Explainability is one of the most challenging tasks in ensuring AI transparency. Explainable AI refers to the tools and techniques to understand the decision-making process of an AI system. The more complex the algorithm, the more difficult it is to understand how an AI/ML model has arrived at a decision. Explainable AI tries to tackle the black-box nature of such systems and build trust and transparency.
A recent study published by researchers at Carnegie Mellon University and Google AI came up with a method to formalise the ‘value’ of explanations. In this article, we try to understand this method’s advantages over existing frameworks.
Sign up for your weekly dose of what's up in emerging technology.
Evaluating The Model
The proposal is to calculate the ‘value’ for the explainability model using a student-teacher paradigm that measures the extent to which the teacher’s explanations improve a student’s learning. The student should be able to simulate the teacher model on unseen samples for which explanations are not available.
For instance, let us consider a teacher model trained on emails to predict whether the email is spam or not. Once the teacher is trained and teaches the student, the student should be able to mimic the teacher exactly. It doesn’t matter if the teacher’s predictions are wrong. The student’s goal here is not to make correct predictions but to exactly mimic the teacher.
Two cases are evaluated. In the first case, the teacher provides only two parameters — input and output. In our example, the teacher will provide the email and tell the student if it’s spam or not. In the second scenario, the teacher provides explanations for its decisions along with the input and output. In that case, the student should be able to mimic the teacher better. If the student cannot, then the teacher model is not doing well with its explanations.
The approach calculates the percentage of the student’s answers that match with the teacher — with and without explanations. The difference between these percentages is the evaluation metric of that explanation model. This evaluation is done on entirely new examples.
“One important difference between this model and the existing ones is that the students are not provided with explanations at the time of testing,” said Danish Pruthi, author of the study and doctoral candidate at CMU.

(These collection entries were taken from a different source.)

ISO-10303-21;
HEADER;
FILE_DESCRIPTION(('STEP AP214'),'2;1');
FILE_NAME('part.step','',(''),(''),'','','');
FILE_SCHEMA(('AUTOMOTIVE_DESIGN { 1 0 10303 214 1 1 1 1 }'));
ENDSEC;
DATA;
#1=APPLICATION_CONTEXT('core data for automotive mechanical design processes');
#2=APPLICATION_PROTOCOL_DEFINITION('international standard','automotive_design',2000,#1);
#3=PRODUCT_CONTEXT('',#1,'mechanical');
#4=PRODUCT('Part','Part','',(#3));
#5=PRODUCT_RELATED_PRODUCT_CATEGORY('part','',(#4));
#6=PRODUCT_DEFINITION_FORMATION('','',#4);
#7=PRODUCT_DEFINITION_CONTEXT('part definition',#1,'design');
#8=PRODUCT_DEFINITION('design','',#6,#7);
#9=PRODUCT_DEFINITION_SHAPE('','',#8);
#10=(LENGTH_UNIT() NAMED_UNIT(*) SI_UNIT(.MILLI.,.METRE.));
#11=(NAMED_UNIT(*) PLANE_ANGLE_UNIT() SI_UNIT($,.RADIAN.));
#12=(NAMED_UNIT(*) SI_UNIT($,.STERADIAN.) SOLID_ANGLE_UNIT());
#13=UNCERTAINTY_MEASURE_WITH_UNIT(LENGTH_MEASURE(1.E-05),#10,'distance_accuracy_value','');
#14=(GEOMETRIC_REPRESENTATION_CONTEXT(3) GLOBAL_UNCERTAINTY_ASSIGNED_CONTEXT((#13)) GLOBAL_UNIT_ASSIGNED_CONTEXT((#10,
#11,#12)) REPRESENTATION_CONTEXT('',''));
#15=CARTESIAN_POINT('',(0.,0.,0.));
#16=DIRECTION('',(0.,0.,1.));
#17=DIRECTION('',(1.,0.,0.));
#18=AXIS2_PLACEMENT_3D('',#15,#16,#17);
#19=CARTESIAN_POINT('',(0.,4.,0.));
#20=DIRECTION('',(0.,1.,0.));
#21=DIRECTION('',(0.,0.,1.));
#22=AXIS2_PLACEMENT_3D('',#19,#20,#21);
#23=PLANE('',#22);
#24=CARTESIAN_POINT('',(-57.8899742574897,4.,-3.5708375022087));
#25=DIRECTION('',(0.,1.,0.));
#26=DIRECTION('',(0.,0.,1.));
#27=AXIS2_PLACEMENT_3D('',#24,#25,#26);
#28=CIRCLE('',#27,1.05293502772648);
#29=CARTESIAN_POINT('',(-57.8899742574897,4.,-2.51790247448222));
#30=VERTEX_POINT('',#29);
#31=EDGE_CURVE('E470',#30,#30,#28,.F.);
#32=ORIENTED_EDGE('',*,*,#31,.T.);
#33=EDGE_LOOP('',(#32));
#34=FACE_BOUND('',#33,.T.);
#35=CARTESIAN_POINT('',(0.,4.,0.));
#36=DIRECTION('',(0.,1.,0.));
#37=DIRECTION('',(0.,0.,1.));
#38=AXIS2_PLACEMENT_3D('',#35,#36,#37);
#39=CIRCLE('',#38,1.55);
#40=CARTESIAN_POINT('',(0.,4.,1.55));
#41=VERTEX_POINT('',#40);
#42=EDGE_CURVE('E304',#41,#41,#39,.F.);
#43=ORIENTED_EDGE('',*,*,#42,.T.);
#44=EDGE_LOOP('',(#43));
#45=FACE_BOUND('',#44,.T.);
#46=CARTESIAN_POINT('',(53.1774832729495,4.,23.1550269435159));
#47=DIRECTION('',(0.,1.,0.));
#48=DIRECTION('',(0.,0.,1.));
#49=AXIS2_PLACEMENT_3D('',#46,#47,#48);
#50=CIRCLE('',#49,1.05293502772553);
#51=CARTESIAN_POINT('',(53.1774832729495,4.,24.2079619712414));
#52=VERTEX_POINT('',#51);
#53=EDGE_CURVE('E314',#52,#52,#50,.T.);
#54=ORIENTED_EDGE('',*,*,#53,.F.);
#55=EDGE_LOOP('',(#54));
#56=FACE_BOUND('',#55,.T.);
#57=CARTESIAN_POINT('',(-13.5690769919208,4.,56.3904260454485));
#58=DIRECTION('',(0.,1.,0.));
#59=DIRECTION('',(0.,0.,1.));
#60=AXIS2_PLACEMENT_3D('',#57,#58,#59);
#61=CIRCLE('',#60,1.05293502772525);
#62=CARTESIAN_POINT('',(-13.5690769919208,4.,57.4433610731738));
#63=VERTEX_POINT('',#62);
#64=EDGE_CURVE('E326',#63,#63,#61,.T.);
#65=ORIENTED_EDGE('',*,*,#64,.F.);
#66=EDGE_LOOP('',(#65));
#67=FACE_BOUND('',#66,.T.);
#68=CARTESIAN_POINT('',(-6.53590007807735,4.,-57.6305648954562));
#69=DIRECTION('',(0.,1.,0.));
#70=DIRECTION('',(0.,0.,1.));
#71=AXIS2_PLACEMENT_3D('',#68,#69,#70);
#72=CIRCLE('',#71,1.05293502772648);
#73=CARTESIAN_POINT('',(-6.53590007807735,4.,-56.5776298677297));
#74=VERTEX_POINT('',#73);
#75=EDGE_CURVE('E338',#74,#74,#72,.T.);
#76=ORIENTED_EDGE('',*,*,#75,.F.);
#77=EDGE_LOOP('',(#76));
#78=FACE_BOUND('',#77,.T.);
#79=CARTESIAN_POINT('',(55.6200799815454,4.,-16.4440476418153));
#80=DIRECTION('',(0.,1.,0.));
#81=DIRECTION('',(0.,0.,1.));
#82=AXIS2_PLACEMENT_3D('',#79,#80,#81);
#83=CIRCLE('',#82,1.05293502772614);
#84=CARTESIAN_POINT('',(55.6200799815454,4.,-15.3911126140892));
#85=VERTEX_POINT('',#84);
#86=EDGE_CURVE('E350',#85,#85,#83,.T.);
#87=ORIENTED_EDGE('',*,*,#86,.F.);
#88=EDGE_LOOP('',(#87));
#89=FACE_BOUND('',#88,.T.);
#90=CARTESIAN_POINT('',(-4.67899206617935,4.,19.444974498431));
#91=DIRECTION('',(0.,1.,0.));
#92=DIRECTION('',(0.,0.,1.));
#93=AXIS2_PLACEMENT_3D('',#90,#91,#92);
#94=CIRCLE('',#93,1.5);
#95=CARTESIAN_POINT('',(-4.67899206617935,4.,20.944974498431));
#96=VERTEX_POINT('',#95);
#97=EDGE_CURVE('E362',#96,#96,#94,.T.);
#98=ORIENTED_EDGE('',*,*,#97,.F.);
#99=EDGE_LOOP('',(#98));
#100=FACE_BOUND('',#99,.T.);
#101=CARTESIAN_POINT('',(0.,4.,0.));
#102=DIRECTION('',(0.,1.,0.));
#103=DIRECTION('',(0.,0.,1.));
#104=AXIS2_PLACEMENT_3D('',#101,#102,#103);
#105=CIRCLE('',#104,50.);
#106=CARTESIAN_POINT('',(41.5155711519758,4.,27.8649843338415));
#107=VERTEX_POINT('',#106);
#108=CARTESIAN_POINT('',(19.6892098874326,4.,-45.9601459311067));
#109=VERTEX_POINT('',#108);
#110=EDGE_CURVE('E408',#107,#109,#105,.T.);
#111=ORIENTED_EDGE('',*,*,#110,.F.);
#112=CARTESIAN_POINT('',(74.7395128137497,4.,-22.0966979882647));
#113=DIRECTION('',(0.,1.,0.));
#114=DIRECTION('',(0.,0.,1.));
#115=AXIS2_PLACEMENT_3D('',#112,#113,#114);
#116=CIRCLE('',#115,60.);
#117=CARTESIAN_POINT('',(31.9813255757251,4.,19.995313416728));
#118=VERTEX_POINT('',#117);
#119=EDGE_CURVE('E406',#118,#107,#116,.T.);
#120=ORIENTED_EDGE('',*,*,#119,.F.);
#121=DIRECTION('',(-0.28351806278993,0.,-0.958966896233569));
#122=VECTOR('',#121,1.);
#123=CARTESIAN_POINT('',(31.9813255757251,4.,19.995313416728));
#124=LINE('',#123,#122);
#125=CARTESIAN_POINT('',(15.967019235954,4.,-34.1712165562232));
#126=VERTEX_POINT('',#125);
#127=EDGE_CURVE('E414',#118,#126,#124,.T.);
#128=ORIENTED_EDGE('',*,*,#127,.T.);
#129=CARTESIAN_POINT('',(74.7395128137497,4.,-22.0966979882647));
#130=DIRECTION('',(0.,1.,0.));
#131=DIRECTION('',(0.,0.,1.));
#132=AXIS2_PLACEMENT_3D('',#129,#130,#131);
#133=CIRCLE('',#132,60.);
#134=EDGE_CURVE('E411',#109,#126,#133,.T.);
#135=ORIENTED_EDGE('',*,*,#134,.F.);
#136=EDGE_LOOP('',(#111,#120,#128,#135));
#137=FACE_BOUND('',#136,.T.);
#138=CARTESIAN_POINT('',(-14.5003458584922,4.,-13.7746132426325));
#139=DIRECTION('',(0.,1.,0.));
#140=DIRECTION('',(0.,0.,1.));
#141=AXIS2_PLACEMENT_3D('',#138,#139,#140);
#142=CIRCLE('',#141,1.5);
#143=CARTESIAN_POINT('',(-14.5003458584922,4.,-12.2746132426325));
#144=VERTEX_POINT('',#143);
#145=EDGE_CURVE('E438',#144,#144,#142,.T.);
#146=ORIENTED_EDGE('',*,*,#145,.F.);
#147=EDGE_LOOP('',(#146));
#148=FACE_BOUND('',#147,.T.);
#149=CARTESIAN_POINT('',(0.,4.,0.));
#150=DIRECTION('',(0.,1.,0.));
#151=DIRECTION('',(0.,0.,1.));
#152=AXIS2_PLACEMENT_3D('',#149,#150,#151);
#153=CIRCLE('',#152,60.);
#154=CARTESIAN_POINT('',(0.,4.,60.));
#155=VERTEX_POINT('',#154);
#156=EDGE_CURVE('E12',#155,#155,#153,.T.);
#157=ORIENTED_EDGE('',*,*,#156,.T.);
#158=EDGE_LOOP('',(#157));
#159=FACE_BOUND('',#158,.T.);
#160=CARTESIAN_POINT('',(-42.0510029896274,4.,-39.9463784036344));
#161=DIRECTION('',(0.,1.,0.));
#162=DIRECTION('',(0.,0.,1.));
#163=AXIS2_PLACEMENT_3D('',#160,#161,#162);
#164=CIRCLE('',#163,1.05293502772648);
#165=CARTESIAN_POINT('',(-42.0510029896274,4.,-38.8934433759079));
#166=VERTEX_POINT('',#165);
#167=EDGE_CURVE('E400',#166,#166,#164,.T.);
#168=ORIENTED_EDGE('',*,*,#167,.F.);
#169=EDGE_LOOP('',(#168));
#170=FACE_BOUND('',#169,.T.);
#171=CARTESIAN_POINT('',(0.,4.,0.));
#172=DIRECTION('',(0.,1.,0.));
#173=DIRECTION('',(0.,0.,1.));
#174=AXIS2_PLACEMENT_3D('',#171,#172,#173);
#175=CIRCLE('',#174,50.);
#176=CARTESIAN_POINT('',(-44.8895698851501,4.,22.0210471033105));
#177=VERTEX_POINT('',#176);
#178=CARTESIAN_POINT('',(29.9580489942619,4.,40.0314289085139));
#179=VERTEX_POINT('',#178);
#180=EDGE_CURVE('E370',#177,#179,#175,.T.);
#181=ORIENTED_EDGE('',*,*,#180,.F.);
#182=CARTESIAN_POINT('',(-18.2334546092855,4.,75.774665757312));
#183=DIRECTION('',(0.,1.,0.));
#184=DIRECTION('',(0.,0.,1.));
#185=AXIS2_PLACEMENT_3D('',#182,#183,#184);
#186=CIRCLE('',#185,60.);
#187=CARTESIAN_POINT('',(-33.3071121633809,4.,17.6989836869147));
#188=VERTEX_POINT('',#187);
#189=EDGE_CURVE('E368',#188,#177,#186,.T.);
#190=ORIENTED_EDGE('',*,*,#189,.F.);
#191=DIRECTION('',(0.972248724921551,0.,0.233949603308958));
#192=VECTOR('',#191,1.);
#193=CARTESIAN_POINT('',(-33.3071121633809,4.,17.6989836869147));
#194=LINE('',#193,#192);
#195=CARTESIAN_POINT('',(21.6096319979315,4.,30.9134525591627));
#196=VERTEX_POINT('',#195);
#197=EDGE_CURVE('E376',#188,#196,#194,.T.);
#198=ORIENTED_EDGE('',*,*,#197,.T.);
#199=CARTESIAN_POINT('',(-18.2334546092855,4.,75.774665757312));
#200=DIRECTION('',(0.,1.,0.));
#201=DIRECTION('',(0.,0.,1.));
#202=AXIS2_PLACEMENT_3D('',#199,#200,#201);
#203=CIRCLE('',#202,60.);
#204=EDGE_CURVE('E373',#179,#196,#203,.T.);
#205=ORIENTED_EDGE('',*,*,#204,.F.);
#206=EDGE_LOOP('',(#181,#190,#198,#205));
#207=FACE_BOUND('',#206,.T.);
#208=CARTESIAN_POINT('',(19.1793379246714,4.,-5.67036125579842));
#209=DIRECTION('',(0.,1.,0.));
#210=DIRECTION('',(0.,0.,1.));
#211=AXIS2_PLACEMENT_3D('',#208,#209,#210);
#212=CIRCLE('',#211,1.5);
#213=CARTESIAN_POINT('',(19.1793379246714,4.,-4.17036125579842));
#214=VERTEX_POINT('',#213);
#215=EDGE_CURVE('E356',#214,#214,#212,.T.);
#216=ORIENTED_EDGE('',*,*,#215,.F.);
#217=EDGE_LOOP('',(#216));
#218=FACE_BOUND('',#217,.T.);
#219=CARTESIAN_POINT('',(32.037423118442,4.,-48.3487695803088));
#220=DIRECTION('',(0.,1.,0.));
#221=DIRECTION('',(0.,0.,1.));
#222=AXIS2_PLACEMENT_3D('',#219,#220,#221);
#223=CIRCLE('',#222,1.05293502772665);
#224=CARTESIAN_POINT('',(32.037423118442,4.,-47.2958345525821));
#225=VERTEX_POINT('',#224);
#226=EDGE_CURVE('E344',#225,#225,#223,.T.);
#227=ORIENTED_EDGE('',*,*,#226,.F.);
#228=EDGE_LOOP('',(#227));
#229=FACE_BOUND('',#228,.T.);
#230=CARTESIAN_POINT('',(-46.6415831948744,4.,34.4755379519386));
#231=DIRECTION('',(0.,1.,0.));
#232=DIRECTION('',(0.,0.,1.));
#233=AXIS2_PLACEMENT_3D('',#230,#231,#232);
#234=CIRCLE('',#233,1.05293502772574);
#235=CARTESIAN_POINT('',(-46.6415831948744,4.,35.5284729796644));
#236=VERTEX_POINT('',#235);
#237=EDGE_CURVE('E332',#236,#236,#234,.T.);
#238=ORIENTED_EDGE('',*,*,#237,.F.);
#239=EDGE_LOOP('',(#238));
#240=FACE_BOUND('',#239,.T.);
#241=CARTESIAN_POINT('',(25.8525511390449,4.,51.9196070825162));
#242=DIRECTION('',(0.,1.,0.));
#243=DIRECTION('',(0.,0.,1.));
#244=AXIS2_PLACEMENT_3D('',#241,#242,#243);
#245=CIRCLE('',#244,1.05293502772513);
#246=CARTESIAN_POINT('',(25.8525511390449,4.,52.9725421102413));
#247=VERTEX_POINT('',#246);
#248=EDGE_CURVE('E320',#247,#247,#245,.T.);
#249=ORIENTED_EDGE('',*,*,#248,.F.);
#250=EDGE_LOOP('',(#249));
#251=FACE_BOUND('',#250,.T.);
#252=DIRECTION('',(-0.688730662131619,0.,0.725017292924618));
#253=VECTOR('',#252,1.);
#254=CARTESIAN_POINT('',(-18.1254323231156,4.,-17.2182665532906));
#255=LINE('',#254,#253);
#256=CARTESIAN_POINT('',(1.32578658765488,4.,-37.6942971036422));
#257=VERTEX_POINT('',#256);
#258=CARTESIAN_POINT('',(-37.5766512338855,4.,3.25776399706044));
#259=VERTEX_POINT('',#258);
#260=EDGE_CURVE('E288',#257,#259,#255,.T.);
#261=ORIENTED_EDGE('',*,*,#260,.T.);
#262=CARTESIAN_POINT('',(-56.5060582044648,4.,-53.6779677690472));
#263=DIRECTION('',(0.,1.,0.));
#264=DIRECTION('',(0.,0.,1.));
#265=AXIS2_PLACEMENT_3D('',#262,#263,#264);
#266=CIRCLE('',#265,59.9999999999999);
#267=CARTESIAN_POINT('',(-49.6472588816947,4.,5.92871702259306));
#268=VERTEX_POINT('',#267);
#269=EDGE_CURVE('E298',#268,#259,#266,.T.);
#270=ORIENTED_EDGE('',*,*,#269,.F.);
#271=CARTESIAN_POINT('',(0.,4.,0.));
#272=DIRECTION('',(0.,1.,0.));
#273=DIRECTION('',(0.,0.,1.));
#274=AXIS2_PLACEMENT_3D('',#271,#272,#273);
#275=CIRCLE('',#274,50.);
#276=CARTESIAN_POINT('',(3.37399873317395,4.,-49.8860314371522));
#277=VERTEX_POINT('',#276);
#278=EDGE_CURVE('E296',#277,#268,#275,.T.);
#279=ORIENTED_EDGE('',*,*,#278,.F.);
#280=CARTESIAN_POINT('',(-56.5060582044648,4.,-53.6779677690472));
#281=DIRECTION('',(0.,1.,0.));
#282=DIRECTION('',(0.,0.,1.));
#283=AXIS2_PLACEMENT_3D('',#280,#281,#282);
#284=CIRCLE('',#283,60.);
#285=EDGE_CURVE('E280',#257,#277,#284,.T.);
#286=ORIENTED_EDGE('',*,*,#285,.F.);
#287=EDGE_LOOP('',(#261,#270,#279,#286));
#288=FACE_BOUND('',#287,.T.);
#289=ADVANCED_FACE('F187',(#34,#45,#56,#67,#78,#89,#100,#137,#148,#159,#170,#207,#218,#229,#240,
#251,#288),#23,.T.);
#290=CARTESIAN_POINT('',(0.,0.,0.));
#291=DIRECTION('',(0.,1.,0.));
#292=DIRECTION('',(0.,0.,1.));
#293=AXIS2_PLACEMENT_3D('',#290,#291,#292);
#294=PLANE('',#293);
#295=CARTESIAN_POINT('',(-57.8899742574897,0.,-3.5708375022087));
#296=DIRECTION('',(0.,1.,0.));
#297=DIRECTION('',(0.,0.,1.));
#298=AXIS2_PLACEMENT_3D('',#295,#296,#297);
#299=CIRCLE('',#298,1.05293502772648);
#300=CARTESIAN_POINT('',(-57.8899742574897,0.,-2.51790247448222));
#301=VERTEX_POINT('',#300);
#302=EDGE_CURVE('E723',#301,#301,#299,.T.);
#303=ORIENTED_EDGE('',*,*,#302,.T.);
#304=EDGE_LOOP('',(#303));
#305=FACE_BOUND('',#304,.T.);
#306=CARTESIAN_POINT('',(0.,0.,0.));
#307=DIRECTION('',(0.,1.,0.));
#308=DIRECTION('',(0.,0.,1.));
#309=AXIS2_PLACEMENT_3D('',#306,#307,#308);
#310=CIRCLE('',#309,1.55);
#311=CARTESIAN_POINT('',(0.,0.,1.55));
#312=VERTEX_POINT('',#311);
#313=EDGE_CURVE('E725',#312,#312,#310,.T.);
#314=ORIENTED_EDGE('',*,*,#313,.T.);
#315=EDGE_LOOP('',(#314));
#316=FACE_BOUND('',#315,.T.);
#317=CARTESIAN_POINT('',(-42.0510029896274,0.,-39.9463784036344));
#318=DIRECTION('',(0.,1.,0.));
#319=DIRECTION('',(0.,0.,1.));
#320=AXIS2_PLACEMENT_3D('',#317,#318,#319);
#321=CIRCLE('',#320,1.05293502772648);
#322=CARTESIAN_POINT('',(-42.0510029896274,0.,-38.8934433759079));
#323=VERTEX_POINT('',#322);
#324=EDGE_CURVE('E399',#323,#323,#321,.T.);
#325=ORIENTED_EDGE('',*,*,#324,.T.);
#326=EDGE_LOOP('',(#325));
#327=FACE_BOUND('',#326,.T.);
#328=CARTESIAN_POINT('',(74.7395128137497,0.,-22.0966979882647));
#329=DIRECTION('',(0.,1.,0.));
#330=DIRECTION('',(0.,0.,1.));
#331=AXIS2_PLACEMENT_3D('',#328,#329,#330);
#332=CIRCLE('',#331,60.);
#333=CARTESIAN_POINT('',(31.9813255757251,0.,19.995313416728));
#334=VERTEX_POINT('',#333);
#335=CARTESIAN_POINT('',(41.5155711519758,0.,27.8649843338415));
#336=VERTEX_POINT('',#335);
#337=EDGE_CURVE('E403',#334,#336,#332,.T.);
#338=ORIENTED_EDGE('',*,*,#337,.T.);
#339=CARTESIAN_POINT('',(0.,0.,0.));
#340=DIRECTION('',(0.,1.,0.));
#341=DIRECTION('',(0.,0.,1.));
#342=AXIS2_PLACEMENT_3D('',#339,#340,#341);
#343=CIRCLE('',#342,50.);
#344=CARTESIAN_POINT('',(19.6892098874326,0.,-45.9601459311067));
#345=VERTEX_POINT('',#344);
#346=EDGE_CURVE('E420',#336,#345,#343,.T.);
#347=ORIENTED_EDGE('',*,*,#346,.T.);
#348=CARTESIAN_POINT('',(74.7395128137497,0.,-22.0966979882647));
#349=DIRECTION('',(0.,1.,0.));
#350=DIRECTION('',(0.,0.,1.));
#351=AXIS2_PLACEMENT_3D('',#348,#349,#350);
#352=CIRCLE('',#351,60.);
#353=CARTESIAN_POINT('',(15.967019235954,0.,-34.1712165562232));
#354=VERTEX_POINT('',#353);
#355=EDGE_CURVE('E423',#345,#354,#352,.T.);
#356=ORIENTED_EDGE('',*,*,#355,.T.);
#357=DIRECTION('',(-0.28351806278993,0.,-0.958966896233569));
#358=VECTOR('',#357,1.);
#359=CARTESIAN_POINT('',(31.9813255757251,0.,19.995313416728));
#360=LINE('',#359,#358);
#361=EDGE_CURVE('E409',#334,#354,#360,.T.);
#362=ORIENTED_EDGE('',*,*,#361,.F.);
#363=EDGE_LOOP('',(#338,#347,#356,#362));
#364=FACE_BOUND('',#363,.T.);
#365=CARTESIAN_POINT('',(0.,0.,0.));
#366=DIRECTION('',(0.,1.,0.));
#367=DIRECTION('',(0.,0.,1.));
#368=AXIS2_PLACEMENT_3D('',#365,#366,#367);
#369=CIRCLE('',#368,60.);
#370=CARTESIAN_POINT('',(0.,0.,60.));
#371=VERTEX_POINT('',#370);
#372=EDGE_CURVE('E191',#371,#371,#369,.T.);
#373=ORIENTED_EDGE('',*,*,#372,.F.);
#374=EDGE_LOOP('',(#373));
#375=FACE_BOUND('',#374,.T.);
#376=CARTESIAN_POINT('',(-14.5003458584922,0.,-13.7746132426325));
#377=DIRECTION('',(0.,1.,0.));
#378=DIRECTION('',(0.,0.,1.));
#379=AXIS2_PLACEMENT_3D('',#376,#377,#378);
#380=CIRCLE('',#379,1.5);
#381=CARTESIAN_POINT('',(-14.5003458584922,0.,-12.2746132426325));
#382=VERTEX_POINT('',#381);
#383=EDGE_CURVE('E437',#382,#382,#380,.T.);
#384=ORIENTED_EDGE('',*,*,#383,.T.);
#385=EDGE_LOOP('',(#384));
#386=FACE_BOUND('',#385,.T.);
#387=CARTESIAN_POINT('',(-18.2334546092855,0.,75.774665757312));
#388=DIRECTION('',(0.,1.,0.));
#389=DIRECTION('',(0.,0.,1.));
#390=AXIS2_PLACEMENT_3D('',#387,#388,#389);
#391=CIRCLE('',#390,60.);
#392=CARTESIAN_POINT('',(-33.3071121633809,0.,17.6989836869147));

“This prevents teachers from leaking the answers to the students, corrupting the simulation task. Another thing here to consider is that the student and teacher can have different processes. That does not matter as the goal of the approach is to find out how well the student mimics the teacher model,” he added.
It is essential to understand how the students are trained with explanations. There are two approaches – Multitask Learning and Attention Regularisation.
In Multitask Learning, when the student learns from the teacher, the student has to accomplish two tasks. It should predict answers as well as explanations that match those from the teacher. Here the hope is that generating explanations provides an advantage for the student to mimic the teacher.
In our example, the teacher could mark an email as spam because it spotted the word ‘sale’. In this case, the student, along with marking the email spam, should also produce the same explanation as to the teacher. Here, the processes of the student and the teacher are similar.
In Attention Regularisation, the student observes where the teacher’s attention is, like what areas the teacher thinks are relevant before making the decision. And then you make the student pay attention to similar areas the teacher tells you. In this approach, you are not outputting something new, but matching your attention with what the teacher tells you.
For instance, in our example, if the teacher tells you to look at the title and watch out for ‘exclamation marks’ to mark an email as spam, then the student also pays attention to the exclamation marks.
“These are two different methods, and both of them work very well for explanations,” said Pruthi, “Other approaches make people look at the explanations, and that is clearly labour intensive and expensive. We don’t require any people in the loop for our method.
“There are also other problems of having people do it because people try to match the explanation to what their intuitions say about the task, rather than what the model is actually focusing on.”